◆ Stored items
=-=-=

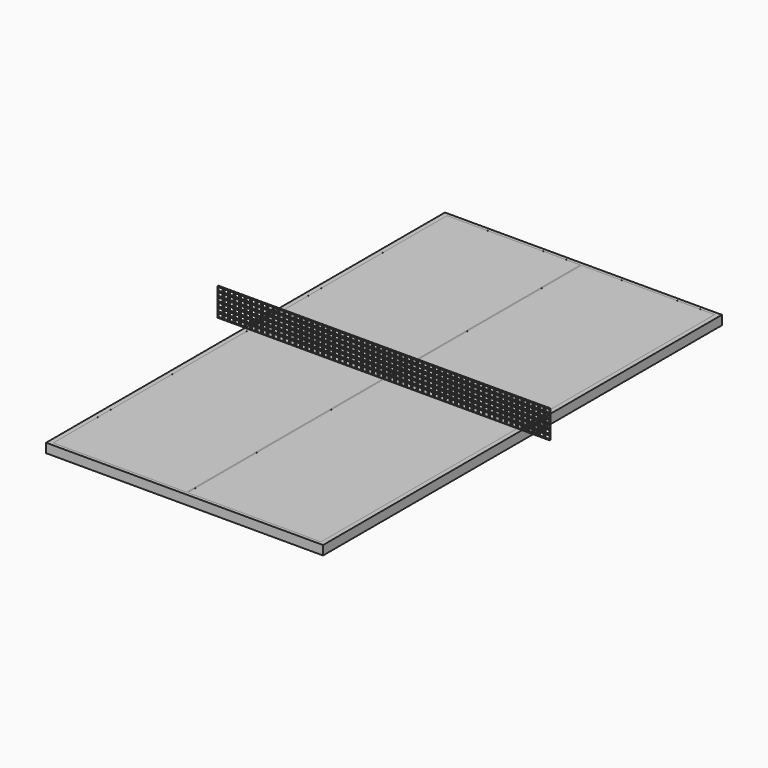
from build123d import *

# Parameters (mm, degrees)
F0_W     = 1524
F0_H     = 2743.2
F1_DEPTH = 25.4
F2_W     = 152.4
F2_H     = 6.35
F2_W_2   = 1524
F3_DEPTH = 152.4
F4_W     = 25.4
F4_H     = 20.32
F5_DEPTH = 1374.776
F7_DEPTH = 0.0254


with BuildPart() as f1:
    # F0 (on Top) → F1 (new body, symmetric)
    with BuildSketch(Plane.XY):
        Rectangle(F0_W, F0_H)
    extrude(amount=F1_DEPTH, both=True)

    # F2 (on face) → F3 (join)
    with BuildSketch(Plane.XY.offset(25.4)):
        with Locations((-838.2, 0)):
            Rectangle(F2_W, F2_H)
        Rectangle(F2_W_2, F2_H)
        with Locations((838.2, 0)):
            Rectangle(F2_W, F2_H)
    extrude(amount=F3_DEPTH)

    # F4 (on face) → F5 (cut, through all)
    with BuildSketch(Plane.XZ.offset(3.175)):
        with Locations((-899.16, 165.1)):
            Rectangle(F4_W, F4_H)
        with Locations((-868.68, 165.1)):
            Rectangle(F4_W, F4_H)
        with Locations((-838.2, 165.1)):
            Rectangle(F4_W, F4_H)
        with Locations((-807.72, 165.1)):
            Rectangle(F4_W, F4_H)
        with Locations((-777.24, 165.1)):
            Rectangle(F4_W, F4_H)
        with Locations((-746.76, 165.1)):
            Rectangle(F4_W, F4_H)
        with Locations((-716.28, 165.1)):
            Rectangle(F4_W, F4_H)
        with Locations((-685.8, 165.1)):
            Rectangle(F4_W, F4_H)
        with Locations((-655.32, 165.1)):
            Rectangle(F4_W, F4_H)
        with Locations((-624.84, 165.1)):
            Rectangle(F4_W, F4_H)
        with Locations((-594.36, 165.1)):
            Rectangle(F4_W, F4_H)
        with Locations((-563.88, 165.1)):
            Rectangle(F4_W, F4_H)
        with Locations((-533.4, 165.1)):
            Rectangle(F4_W, F4_H)
        with Locations((-502.92, 165.1)):
            Rectangle(F4_W, F4_H)
        with Locations((-472.44, 165.1)):
            Rectangle(F4_W, F4_H)
        with Locations((-441.96, 165.1)):
            Rectangle(F4_W, F4_H)
        with Locations((-411.48, 165.1)):
            Rectangle(F4_W, F4_H)
        with Locations((-381, 165.1)):
            Rectangle(F4_W, F4_H)
        with Locations((-350.52, 165.1)):
            Rectangle(F4_W, F4_H)
        with Locations((-320.04, 165.1)):
            Rectangle(F4_W, F4_H)
        with Locations((-289.56, 165.1)):
            Rectangle(F4_W, F4_H)
        with Locations((-259.08, 165.1)):
            Rectangle(F4_W, F4_H)
        with Locations((-228.6, 165.1)):
            Rectangle(F4_W, F4_H)
        with Locations((-198.12, 165.1)):
            Rectangle(F4_W, F4_H)
        with Locations((-167.64, 165.1)):
            Rectangle(F4_W, F4_H)
        with Locations((-137.16, 165.1)):
            Rectangle(F4_W, F4_H)
        with Locations((-106.68, 165.1)):
            Rectangle(F4_W, F4_H)
        with Locations((-76.2, 165.1)):
            Rectangle(F4_W, F4_H)
        with Locations((-45.72, 165.1)):
            Rectangle(F4_W, F4_H)
        with Locations((-15.24, 165.1)):
            Rectangle(F4_W, F4_H)
        with Locations((15.24, 165.1)):
            Rectangle(F4_W, F4_H)
        with Locations((45.72, 165.1)):
            Rectangle(F4_W, F4_H)
        with Locations((76.2, 165.1)):
            Rectangle(F4_W, F4_H)
        with Locations((106.68, 165.1)):
            Rectangle(F4_W, F4_H)
        with Locations((137.16, 165.1)):
            Rectangle(F4_W, F4_H)
        with Locations((167.64, 165.1)):
            Rectangle(F4_W, F4_H)
        with Locations((198.12, 165.1)):
            Rectangle(F4_W, F4_H)
        with Locations((228.6, 165.1)):
            Rectangle(F4_W, F4_H)
        with Locations((259.08, 165.1)):
            Rectangle(F4_W, F4_H)
        with Locations((289.56, 165.1)):
            Rectangle(F4_W, F4_H)
        with Locations((320.04, 165.1)):
            Rectangle(F4_W, F4_H)
        with Locations((350.52, 165.1)):
            Rectangle(F4_W, F4_H)
        with Locations((381, 165.1)):
            Rectangle(F4_W, F4_H)
        with Locations((411.48, 165.1)):
            Rectangle(F4_W, F4_H)
        with Locations((441.96, 165.1)):
            Rectangle(F4_W, F4_H)
        with Locations((472.44, 165.1)):
            Rectangle(F4_W, F4_H)
        with Locations((502.92, 165.1)):
            Rectangle(F4_W, F4_H)
        with Locations((533.4, 165.1)):
            Rectangle(F4_W, F4_H)
        with Locations((563.88, 165.1)):
            Rectangle(F4_W, F4_H)
        with Locations((594.36, 165.1)):
            Rectangle(F4_W, F4_H)
        with Locations((624.84, 165.1)):
            Rectangle(F4_W, F4_H)
        with Locations((655.32, 165.1)):
            Rectangle(F4_W, F4_H)
        with Locations((685.8, 165.1)):
            Rectangle(F4_W, F4_H)
        with Locations((716.28, 165.1)):
            Rectangle(F4_W, F4_H)
        with Locations((746.76, 165.1)):
            Rectangle(F4_W, F4_H)
        with Locations((777.24, 165.1)):
            Rectangle(F4_W, F4_H)
        with Locations((807.72, 165.1)):
            Rectangle(F4_W, F4_H)
        with Locations((838.2, 165.1)):
            Rectangle(F4_W, F4_H)
        with Locations((868.68, 165.1)):
            Rectangle(F4_W, F4_H)
        with Locations((899.16, 165.1)):
            Rectangle(F4_W, F4_H)
        with Locations((899.16, 139.7)):
            Rectangle(F4_W, F4_H)
        with Locations((868.68, 139.7)):
            Rectangle(F4_W, F4_H)
        with Locations((533.4, 139.7)):
            Rectangle(F4_W, F4_H)
        with Locations((411.48, 139.7)):
            Rectangle(F4_W, F4_H)
        with Locations((807.72, 139.7)):
            Rectangle(F4_W, F4_H)
        with Locations((655.32, 139.7)):
            Rectangle(F4_W, F4_H)
        with Locations((777.24, 139.7)):
            Rectangle(F4_W, F4_H)
        with Locations((685.8, 139.7)):
            Rectangle(F4_W, F4_H)
        with Locations((563.88, 139.7)):
            Rectangle(F4_W, F4_H)
        with Locations((441.96, 139.7)):
            Rectangle(F4_W, F4_H)
        with Locations((838.2, 139.7)):
            Rectangle(F4_W, F4_H)
        with Locations((716.28, 139.7)):
            Rectangle(F4_W, F4_H)
        with Locations((594.36, 139.7)):
            Rectangle(F4_W, F4_H)
        with Locations((472.44, 139.7)):
            Rectangle(F4_W, F4_H)
        with Locations((624.84, 139.7)):
            Rectangle(F4_W, F4_H)
        with Locations((502.92, 139.7)):
            Rectangle(F4_W, F4_H)
        with Locations((381, 139.7)):
            Rectangle(F4_W, F4_H)
        with Locations((746.76, 139.7)):
            Rectangle(F4_W, F4_H)
        with Locations((320.04, 139.7)):
            Rectangle(F4_W, F4_H)
        with Locations((198.12, 139.7)):
            Rectangle(F4_W, F4_H)
        with Locations((76.2, 139.7)):
            Rectangle(F4_W, F4_H)
        with Locations((45.72, 139.7)):
            Rectangle(F4_W, F4_H)
        with Locations((167.64, 139.7)):
            Rectangle(F4_W, F4_H)
        with Locations((289.56, 139.7)):
            Rectangle(F4_W, F4_H)
        with Locations((350.52, 139.7)):
            Rectangle(F4_W, F4_H)
        with Locations((228.6, 139.7)):
            Rectangle(F4_W, F4_H)
        with Locations((106.68, 139.7)):
            Rectangle(F4_W, F4_H)
        with Locations((137.16, 139.7)):
            Rectangle(F4_W, F4_H)
        with Locations((15.24, 139.7)):
            Rectangle(F4_W, F4_H)
        with Locations((259.08, 139.7)):
            Rectangle(F4_W, F4_H)
        with Locations((-533.4, 139.7)):
            Rectangle(F4_W, F4_H)
        with Locations((-320.04, 139.7)):
            Rectangle(F4_W, F4_H)
        with Locations((-411.48, 139.7)):
            Rectangle(F4_W, F4_H)
        with Locations((-45.72, 139.7)):
            Rectangle(F4_W, F4_H)
        with Locations((-76.2, 139.7)):
            Rectangle(F4_W, F4_H)
        with Locations((-685.8, 139.7)):
            Rectangle(F4_W, F4_H)
        with Locations((-441.96, 139.7)):
            Rectangle(F4_W, F4_H)
        with Locations((-655.32, 139.7)):
            Rectangle(F4_W, F4_H)
        with Locations((-777.24, 139.7)):
            Rectangle(F4_W, F4_H)
        with Locations((-167.64, 139.7)):
            Rectangle(F4_W, F4_H)
        with Locations((-198.12, 139.7)):
            Rectangle(F4_W, F4_H)
        with Locations((-563.88, 139.7)):
            Rectangle(F4_W, F4_H)
        with Locations((-289.56, 139.7)):
            Rectangle(F4_W, F4_H)
        with Locations((-624.84, 139.7)):
            Rectangle(F4_W, F4_H)
        with Locations((-746.76, 139.7)):
            Rectangle(F4_W, F4_H)
        with Locations((-137.16, 139.7)):
            Rectangle(F4_W, F4_H)
        with Locations((-259.08, 139.7)):
            Rectangle(F4_W, F4_H)
        with Locations((-381, 139.7)):
            Rectangle(F4_W, F4_H)
        with Locations((-502.92, 139.7)):
            Rectangle(F4_W, F4_H)
        with Locations((-15.24, 139.7)):
            Rectangle(F4_W, F4_H)
        with Locations((-350.52, 139.7)):
            Rectangle(F4_W, F4_H)
        with Locations((-472.44, 139.7)):
            Rectangle(F4_W, F4_H)
        with Locations((-594.36, 139.7)):
            Rectangle(F4_W, F4_H)
        with Locations((-716.28, 139.7)):
            Rectangle(F4_W, F4_H)
        with Locations((-106.68, 139.7)):
            Rectangle(F4_W, F4_H)
        with Locations((-228.6, 139.7)):
            Rectangle(F4_W, F4_H)
        with Locations((-807.72, 139.7)):
            Rectangle(F4_W, F4_H)
        with Locations((-899.16, 139.7)):
            Rectangle(F4_W, F4_H)
        with Locations((-868.68, 139.7)):
            Rectangle(F4_W, F4_H)
        with Locations((-838.2, 139.7)):
            Rectangle(F4_W, F4_H)
        with Locations((899.16, 114.3)):
            Rectangle(F4_W, F4_H)
        with Locations((868.68, 114.3)):
            Rectangle(F4_W, F4_H)
        with Locations((533.4, 114.3)):
            Rectangle(F4_W, F4_H)
        with Locations((411.48, 114.3)):
            Rectangle(F4_W, F4_H)
        with Locations((807.72, 114.3)):
            Rectangle(F4_W, F4_H)
        with Locations((655.32, 114.3)):
            Rectangle(F4_W, F4_H)
        with Locations((777.24, 114.3)):
            Rectangle(F4_W, F4_H)
        with Locations((685.8, 114.3)):
            Rectangle(F4_W, F4_H)
        with Locations((563.88, 114.3)):
            Rectangle(F4_W, F4_H)
        with Locations((441.96, 114.3)):
            Rectangle(F4_W, F4_H)
        with Locations((838.2, 114.3)):
            Rectangle(F4_W, F4_H)
        with Locations((716.28, 114.3)):
            Rectangle(F4_W, F4_H)
        with Locations((594.36, 114.3)):
            Rectangle(F4_W, F4_H)
        with Locations((472.44, 114.3)):
            Rectangle(F4_W, F4_H)
        with Locations((624.84, 114.3)):
            Rectangle(F4_W, F4_H)
        with Locations((502.92, 114.3)):
            Rectangle(F4_W, F4_H)
        with Locations((381, 114.3)):
            Rectangle(F4_W, F4_H)
        with Locations((746.76, 114.3)):
            Rectangle(F4_W, F4_H)
        with Locations((320.04, 114.3)):
            Rectangle(F4_W, F4_H)
        with Locations((198.12, 114.3)):
            Rectangle(F4_W, F4_H)
        with Locations((76.2, 114.3)):
            Rectangle(F4_W, F4_H)
        with Locations((45.72, 114.3)):
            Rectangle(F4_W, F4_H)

=-=-=

◆ Description of the task
Check the data above line by line for the word "Plane". State only how many lines contain it.

◆ Expected answer
3